They lived in a three-bedroom apartment in the then largely Jewish Fairfax district. The Jewish holidays were not observed. Dorothy went to Sunday school. “We were Jewish only because we were born Jewish,” said Dorothy, who still lives in the Fairfax area under the name of Zeil, the first of her three husbands. The family did not prosper. “My father rose no further than salesman and he spent every nickel he had on the family,” she added.

For four years, the children were close. In their fantasy games, Jacobs was the hero. “There was a radio show, Little Beaver and Red Rider. Jimmy always got to play Beaver; he solved all the problems. He also played Robin and I was Batman,” remembered Dorothy. “If he had a problem, of any kind, he’d fantasize it away by saying, “What would Robin do?”

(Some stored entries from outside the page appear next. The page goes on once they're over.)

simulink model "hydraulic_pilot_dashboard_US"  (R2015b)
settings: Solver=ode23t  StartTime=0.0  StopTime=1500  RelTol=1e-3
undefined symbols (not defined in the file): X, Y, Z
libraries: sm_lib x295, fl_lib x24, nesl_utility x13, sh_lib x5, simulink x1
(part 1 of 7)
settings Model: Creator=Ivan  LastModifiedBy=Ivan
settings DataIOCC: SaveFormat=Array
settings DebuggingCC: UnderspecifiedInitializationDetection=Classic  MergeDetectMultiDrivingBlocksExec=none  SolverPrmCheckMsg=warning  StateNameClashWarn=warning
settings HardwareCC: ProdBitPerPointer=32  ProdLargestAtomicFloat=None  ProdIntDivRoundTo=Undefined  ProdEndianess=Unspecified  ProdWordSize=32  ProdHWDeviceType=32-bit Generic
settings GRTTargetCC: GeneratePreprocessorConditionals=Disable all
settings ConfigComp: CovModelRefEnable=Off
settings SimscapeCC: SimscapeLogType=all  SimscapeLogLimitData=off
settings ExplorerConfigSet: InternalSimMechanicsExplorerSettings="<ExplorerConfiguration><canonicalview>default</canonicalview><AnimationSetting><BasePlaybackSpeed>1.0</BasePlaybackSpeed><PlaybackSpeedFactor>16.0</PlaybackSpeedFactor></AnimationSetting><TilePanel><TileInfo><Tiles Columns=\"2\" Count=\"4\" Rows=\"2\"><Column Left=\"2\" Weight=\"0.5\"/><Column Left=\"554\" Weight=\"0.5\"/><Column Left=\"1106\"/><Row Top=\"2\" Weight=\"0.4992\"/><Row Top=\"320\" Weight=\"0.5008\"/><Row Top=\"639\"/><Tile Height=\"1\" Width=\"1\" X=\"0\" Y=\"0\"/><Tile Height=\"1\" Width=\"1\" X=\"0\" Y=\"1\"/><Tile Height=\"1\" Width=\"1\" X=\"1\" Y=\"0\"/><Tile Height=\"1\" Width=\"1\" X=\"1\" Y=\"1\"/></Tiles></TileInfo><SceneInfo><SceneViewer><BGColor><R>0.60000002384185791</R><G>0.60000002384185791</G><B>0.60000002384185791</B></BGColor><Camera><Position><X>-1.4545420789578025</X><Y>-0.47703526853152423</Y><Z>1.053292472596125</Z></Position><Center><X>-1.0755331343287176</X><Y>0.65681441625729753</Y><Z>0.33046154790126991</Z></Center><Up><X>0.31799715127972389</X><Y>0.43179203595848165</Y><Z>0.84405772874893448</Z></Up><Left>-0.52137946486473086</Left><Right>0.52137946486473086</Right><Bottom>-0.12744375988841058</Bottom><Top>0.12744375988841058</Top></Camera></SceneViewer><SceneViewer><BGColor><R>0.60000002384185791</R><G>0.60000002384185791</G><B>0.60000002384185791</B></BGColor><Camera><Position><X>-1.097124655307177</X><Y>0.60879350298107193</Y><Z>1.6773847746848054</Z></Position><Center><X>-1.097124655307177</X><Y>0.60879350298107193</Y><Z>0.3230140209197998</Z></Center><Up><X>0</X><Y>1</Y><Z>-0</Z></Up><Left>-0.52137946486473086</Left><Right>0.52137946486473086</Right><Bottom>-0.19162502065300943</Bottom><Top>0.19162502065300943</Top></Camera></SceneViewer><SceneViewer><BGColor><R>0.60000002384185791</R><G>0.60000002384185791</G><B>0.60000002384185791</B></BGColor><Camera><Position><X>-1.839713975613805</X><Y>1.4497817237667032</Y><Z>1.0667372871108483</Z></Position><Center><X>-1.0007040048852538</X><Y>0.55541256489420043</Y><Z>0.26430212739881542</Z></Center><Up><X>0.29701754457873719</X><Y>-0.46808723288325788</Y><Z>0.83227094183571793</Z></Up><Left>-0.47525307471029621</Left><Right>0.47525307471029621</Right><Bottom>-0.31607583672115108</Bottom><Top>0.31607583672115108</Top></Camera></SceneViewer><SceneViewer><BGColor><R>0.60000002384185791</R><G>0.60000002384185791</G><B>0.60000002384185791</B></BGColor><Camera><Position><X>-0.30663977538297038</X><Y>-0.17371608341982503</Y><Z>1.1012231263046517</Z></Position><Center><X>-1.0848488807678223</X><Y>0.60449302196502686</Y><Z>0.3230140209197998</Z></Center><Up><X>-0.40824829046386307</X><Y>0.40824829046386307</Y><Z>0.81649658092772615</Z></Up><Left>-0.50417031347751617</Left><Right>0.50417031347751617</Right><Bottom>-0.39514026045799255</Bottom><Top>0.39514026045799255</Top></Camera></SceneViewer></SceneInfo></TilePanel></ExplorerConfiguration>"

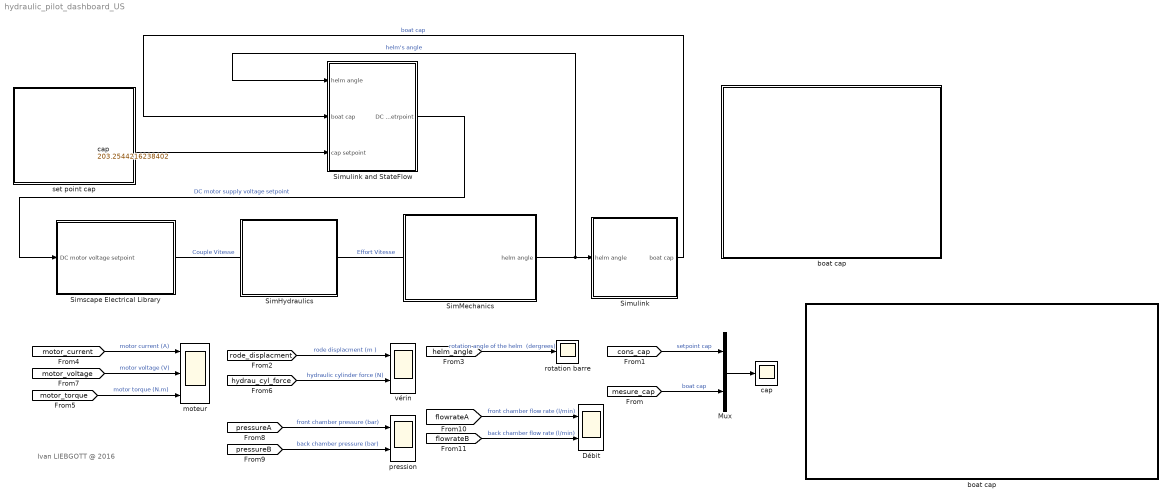
== system hydraulic_pilot_dashboard_US ==
  note: Ivan LIEBGOTT @ 2016
  " moteur" : Scope  NumInputPorts=3
  Débit : Scope  NumInputPorts=2
  Mux : Mux  Inputs=2
  SimHydraulics : Subsystem
      mask Display: image('groupe_hydraulique.jpg')
  SimMechanics : Subsystem
      mask Display: image('pilote_simmechanics.jpg')
  "Simscape Electrical Library " : Subsystem
      mask Display: image('moteur_cc_pilote.jpg')
  Simulink : Subsystem
      mask Display: image('bateau.jpg')
  Simulink and StateFlow : Subsystem
      mask Display: image('AP16_FRONT.jpg')
  boat cap : Subsystem  DialogController=hmiCreateDDGDialog  IsWebBlock=on  mask(MathWorksWebBlock){webBlockId=e22fa1aa-ddbe-4e38-8835-48dbfeb78bab, webBlockType=sdiscope, ShowInitialText=on, HMISrcModelName=hydraulic_pilot_dashboard_US}
      mask prompts: webBlockId "WebBlock Id"; webBlockType "WebBlock Type"; HMISrcModelName "Source Model"
      mask Help: helpview([docroot '/mapfiles/simulink.map'], 'hmi_scope')
      mask Display:
      | if strcmp(get_param(bdroot(gcb),'BlockDiagramType'), 'library')
      |     image([(matlabroot) '/toolbox/simulink/hmi/icons/DashboardScope.png']);
      | end
  "boat cap " : Subsystem  DialogController=hmiCreateDDGDialog  IsWebBlock=on  mask(MathWorksWebBlock){webBlockId=00e2b6f1-632d-4b1a-952e-7d57ffc56f45, webBlockType=circulargauge, ShowInLibBrowser=on, ShowInitialText=on, HMISrcModelName=hydraulic_pilot_dashboard_US}
      mask prompts: webBlockId "WebBlock Id"; webBlockType "WebBlock Type"; HMISrcModelName "Source Model"
      mask Help: helpview([docroot '/mapfiles/simulink.map'], 'hmi_gauge')
      mask Display:
      | if strcmp(get_param(bdroot(gcb),'BlockDiagramType'), 'library')
      |     image([(matlabroot) '/toolbox/simulink/hmi/icons/CircularGauge.png']);
      | end
  cap : Constant  Value=203.2544216238402
  "cap " : Scope
  pression : Scope  NumInputPorts=2
  rotation barre : Scope
  set point cap : Subsystem  DialogController=hmiCreateDDGDialog  IsWebBlock=on  mask(MathWorksWebBlock){webBlockId=deb2e274-1bba-45a5-ab0e-2b4103336ddf, webBlockType=continuousknob, ShowInLibBrowser=on, ShowInitialText=on, HMISrcModelName=hydraulic_pilot_dashboard_US}
      mask prompts: webBlockId "WebBlock Id"; webBlockType "WebBlock Type"; HMISrcModelName "Source Model"
      mask Help: helpview([docroot '/mapfiles/simulink.map'], 'hmi_knob')
      mask Display:
      | if strcmp(get_param(bdroot(gcb),'BlockDiagramType'), 'library')
      |     image([(matlabroot) '/toolbox/simulink/hmi/icons/ContinuousKnob.png']);
      | end
  vérin : Scope  NumInputPorts=2
  wires:
  SimMechanics/1(helm angle) -> Simulink/1(helm angle), Simulink and StateFlow/1(helm angle)  "helm's angle"
  Mux/1 -> "cap "/1
  [mesure_cap] -> Mux/2  "boat cap"
  [cons_cap] -> Mux/1  "setpoint cap"
  [rode_displacment] -> vérin/1  "rode displacment (m )"
  [helm_angle] -> rotation barre/1  "rotation angle of the helm  (dergrees)"
  [motor_current] -> " moteur"/1  "motor current (A)"
  [motor_torque] -> " moteur"/3  "motor torque (N.m)"
  [hydrau_cyl_force] -> vérin/2  "hydraulic cylinder force (N)"
  cap/1 -> Simulink and StateFlow/3(cap setpoint)
  Simulink/1(boat cap) -> Simulink and StateFlow/2(boat cap)  "boat cap"
  Simulink and StateFlow/1(DC motor voltage setrpoint) -> "Simscape Electrical Library "/1(DC motor voltage setpoint)  "DC motor supply voltage setpoint"
  [motor_voltage] -> " moteur"/2  "motor voltage (V)"
  [pressureA] -> pression/1  "front chamber pressure (bar)"
  [pressureB] -> pression/2  "back chamber pressure (bar)"
  [flowrateA] -> Débit/1  "front chamber flow rate (l/min)"
  [flowrateB] -> Débit/2  "back chamber flow rate (l/min)"
  connections:
  "Simscape Electrical Library "/RConn1 -- SimHydraulics/LConn1  "Couple Vitesse"
  SimHydraulics/RConn1 -- SimMechanics/LConn1  "Effort Vitesse"

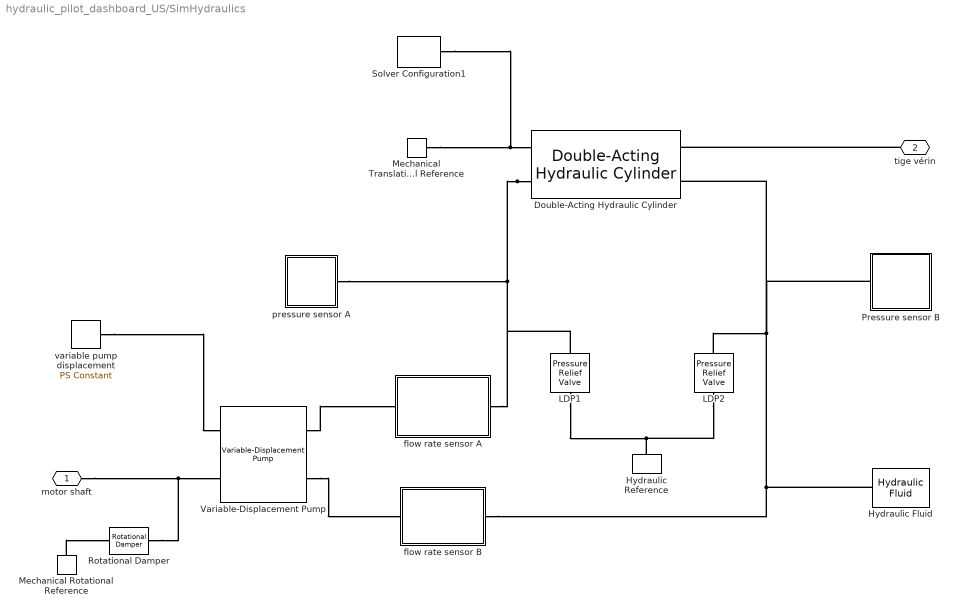
== system hydraulic_pilot_dashboard_US/SimHydraulics ==
  " LDP1" : sh_lib/Valves/Pressure Control Valves/Pressure Relief Valve  area_max=1e-4 m^2  pres_set=10e+6 Pa  reg_range=5e+5 Pa  C_d=0.7  Re_cr=12  A_leak=1e-12 m^2  dynamic=0  tau=0.1 s  area_init=1e-12 m^2  gain=1 m^2/Pa  pr_max=55e5 Pa  f_cr=100 N
  Double-Acting Hydraulic Cylinder : sh_lib/Hydraulic Cylinders/Double-Acting Hydraulic Cylinder  area_A=2e-4 m^2  area_B=2e-4 m^2  stroke=0.3 m  init_pos=0.15 m  dead_vol_A=1e-4 m^3  dead_vol_B=1e-4 m^3  init_pressure_A=0 Pa  init_pressure_B=0 Pa  k_sh=1.4  stiff=1e+6 N/m  D=150 N/(m/s)  or=1  or_sign=1
  Hydraulic Fluid : sh_lib/Hydraulic Utilities/Hydraulic Fluid  DataSource=1  SelFluid=1  SysTemp=60 c  TrapAir=0.005  ViscDerFactor=1  range_error=2
  Hydraulic Reference : fl_lib/Hydraulic/Hydraulic Elements/Hydraulic Reference
  LDP2 : sh_lib/Valves/Pressure Control Valves/Pressure Relief Valve  area_max=1e-4 m^2  pres_set=10e+6 Pa  reg_range=5e+5 Pa  C_d=0.7  Re_cr=12  A_leak=1e-12 m^2  dynamic=0  tau=0.1 s  area_init=1e-12 m^2  gain=1 m^2/Pa  pr_max=55e5 Pa  f_cr=100 N
  Mechanical Rotational Reference : fl_lib/Mechanical/Rotational Elements/Mechanical Rotational Reference
  Mechanical Translational Reference : fl_lib/Mechanical/Translational Elements/Mechanical Translational Reference
  Pressure sensor B : Subsystem
      mask Display: image('manometre.jpg')
  Rotational Damper : fl_lib/Mechanical/Rotational Elements/Rotational Damper  D=0.006 N*m/(rad/s)  w_specify=off  w_priority=None  w=0 rad/s  t_specify=off  t_priority=None  t=0 N*m
  Solver Configuration1 : nesl_utility/Solver Configuration  PhysicalDomain=network_engine_domain  SubClassName=solver  LeftPortType=input  RightPortType=generic  Accelerate=off  Tones=[]  Harmonics=[]  SimulateNoise=off  Profile=off  UseLocalSampling=off  EnableSwitchedLinearOptims=on  FrequencyDomain=off  UseCCode=off  RelTol=0.001  AbsTol=1e-06  MinStep=1e-09  ToWorkspace=off  RevertToSquareIcSolve=off  NumHomotopyIterations=100  PhasorMode=off  PhasorModeNumHarmonics=1  DoDC=off  ResidualTolerance=1e-09  UseLocalSolver=off  LocalSolverChoice=NE_BACKWARD_EULER_ADVANCER  LocalSolverSampleTime=0.001  DoFixedCost=off  MaxNonlinIter=3  MaxModeIter=2  LinearAlgebra=Sparse  DelaysMemoryBudget=1024  AutomaticFiltering=on  FilteringTimeConstant=0.001
  Variable-Displacement Pump : sh_lib/Pumps and Motors/Variable-Displacement Pump  mdl_type=1  D_max=1.77e-7 m^3/rad  stroke_max=1 m  displ_tab=[ -5e-6 -3e-6 0 3e-6 5e-6 ] m^3/rad  cntrl_mem_tab=[ -0.0075 -0.0025 0 0.0025 0.0075 ] m  interp_method=1  extrap_method=1  efficiency_vol=0.85  efficiency_tot=0.75  pr_nominal=1e+8 Pa  w_nominal=188 rad/s  visc_nominal=18 cSt  dens_nominal=900 kg/m^3  k_leak=1e-11 m^3/s/Pa  efficiency_mech=0.7
  flow rate sensor A : Subsystem
      mask Display: image('debimetre.jpg')
  flow rate sensor B : Subsystem
      mask Display: image('debimetre.jpg')
  pressure sensor A : Subsystem
      mask Display: image('manometre.jpg')
  variable pump displacement : fl_lib/Physical Signals/Sources/PS Constant  constant=0.4
  motor shaft : PMIOPort  Port=1  Side=Left
  tige vérin : PMIOPort  Port=2  Side=Right
  connections:
  motor shaft/RConn1 -- Rotational Damper/RConn1 -- Variable-Displacement Pump/LConn2
  variable pump displacement/RConn1 -- Variable-Displacement Pump/LConn1
  tige vérin/RConn1 -- Double-Acting Hydraulic Cylinder/RConn1
  Mechanical Translational Reference/LConn1 -- Solver Configuration1/RConn1 -- Double-Acting Hydraulic Cylinder/LConn1
  Hydraulic Fluid/RConn1 -- flow rate sensor B/RConn1 -- Pressure sensor B/LConn1 -- Double-Acting Hydraulic Cylinder/RConn2 -- LDP2/LConn1
  Hydraulic Reference/LConn1 -- " LDP1"/RConn1 -- LDP2/RConn1
  Mechanical Rotational Reference/LConn1 -- Rotational Damper/LConn1
  Double-Acting Hydraulic Cylinder/LConn2 -- flow rate sensor A/RConn1 -- " LDP1"/LConn1 -- pressure sensor A/RConn1
  Variable-Displacement Pump/RConn1 -- flow rate sensor A/LConn1
  Variable-Displacement Pump/RConn2 -- flow rate sensor B/LConn1

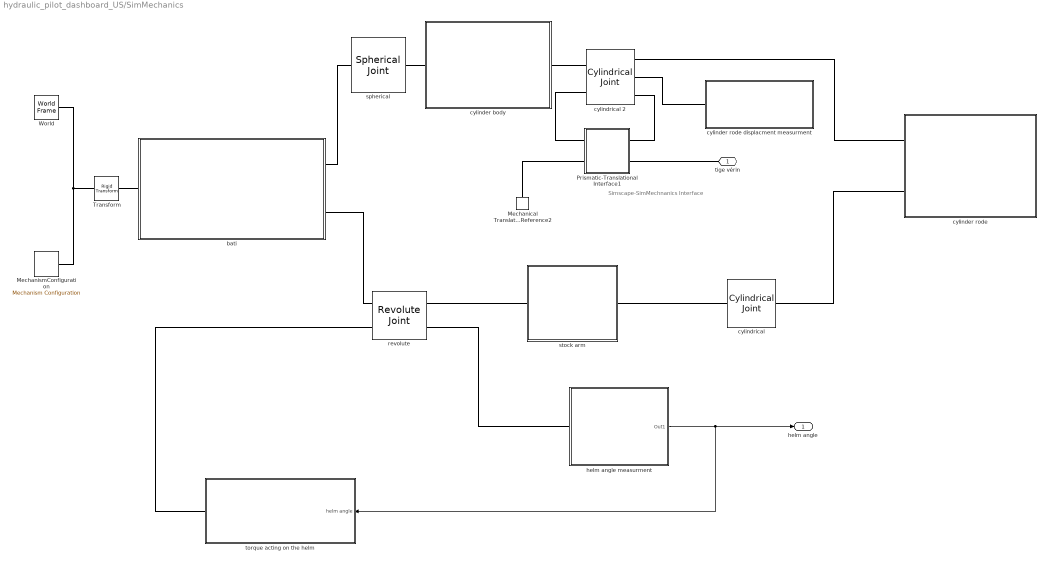
== system hydraulic_pilot_dashboard_US/SimMechanics ==
  note: Simscape-SimMechnanics
      |  Interface
  Mechanical Translational Reference2 : fl_lib/Mechanical/Translational Elements/Mechanical Translational Reference
  MechanismConfiguration : sm_lib/Utilities/Mechanism Configuration  UniformGravity=Constant  GravityVector=[0 0 -9.81]  GravityUnits=m/s^2  LinearizationDelta=0.001  BlockFunction=simmechanics.library.utilities.mechanism_configuration
  Prismatic-Translational Interface1 : Subsystem
  Transform : sm_lib/Frames and Transforms/Rigid Transform  TranslationMethod=Cartesian  TranslationLengthUnit=mm  TranslationStandardAxis=+Z  TranslationStandardOffset=0  TranslationCartesianOffset=[-854.29700000000003 517.99300000000005 336.38900000000001]  TranslationROffset=0  TranslationROffsetUnits=m  TranslationZOffset=0  TranslationZOffsetUnits=m  TranslationThetaOffset=0  TranslationThetaOffsetUnits=deg  RotationMethod=None  RotationAngleUnits=deg  RotationStandardAxis=+Z  RotationAngle=0  RotationArbitraryAxis=[0 0 1]  FollAlignAxisA=+X  BaseAlignAxisA=+Y  FollAlignAxisB=+Y  BaseAlignAxisB=+Z  RotationSequenceAxes=FollowerAxes  RotationSequence=XYX  RotationSequenceAngles=[0 0 0]  RotationSequenceAnglesUnits=deg  RotationMatrix=[1 0 0; 0 1 0; 0 0 1]  BlockFunction=simmechanics.library.frames_transforms.rigid_transform
  World : sm_lib/Frames and Transforms/World Frame  BlockFunction=simmechanics.library.frames_transforms.world_frame
  bati : Subsystem
      mask Display: image('bati1.jpg')
  cylinder body : Subsystem
      mask Display: image('cylindre.jpg')
  cylinder rode : Subsystem
      mask Display: image('tige1.jpg')
  cylinder rode displacment measurment : Subsystem
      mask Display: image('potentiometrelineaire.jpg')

When Jacobs was eleven, his parents divorced. The family dynamics shifted dramatically. The mother, also named Dorothy, aligned with her son and purged the daughter. “There was a photo of Jimmy and me taken in St. Louis. I was eight and Jimmy was three. After the divorce, she cut me out and put it back on the wall,” said Zeil, a small, thin woman of sixty-five whom years of chain-smoking had left with emphysema and a thin, raspy voice. She mustered just enough wind for one sentence at a time, then had to stop and breathe in deeply. “After the divorce it became his house and my mother’s house. She kept us apart. My mother hated me. She told me that. She got pregnant with me on her honeymoon and she said because of me she was unable to get a divorce. What you have to know is that she never got close to anyone, ever, except Jimmy. He was the only man she loved.”

And Jacobs loved mother, deeply. “He defended her always. I could never say how I felt about her,” said Zeil. “It was incredible, just incredible how cruel he was able to be if anyone even attempted to say anything critical about her. And it was always ‘my mother,’ never ‘our mother.’”

At about the same time Zeil moved out to join the Navy during World War II, Jacobs discovered a passion for sports. He was thirteen, physically strong, and highly coordinated. Jacobs could play virtually any type of game—basketball, football, baseball—and he did it with a relentless determination not just to win but to dominate. Handball was a favorite. Boxing too. His mother, though, refused to let him box. To fulfill that passion, Jacobs turned to fantasy.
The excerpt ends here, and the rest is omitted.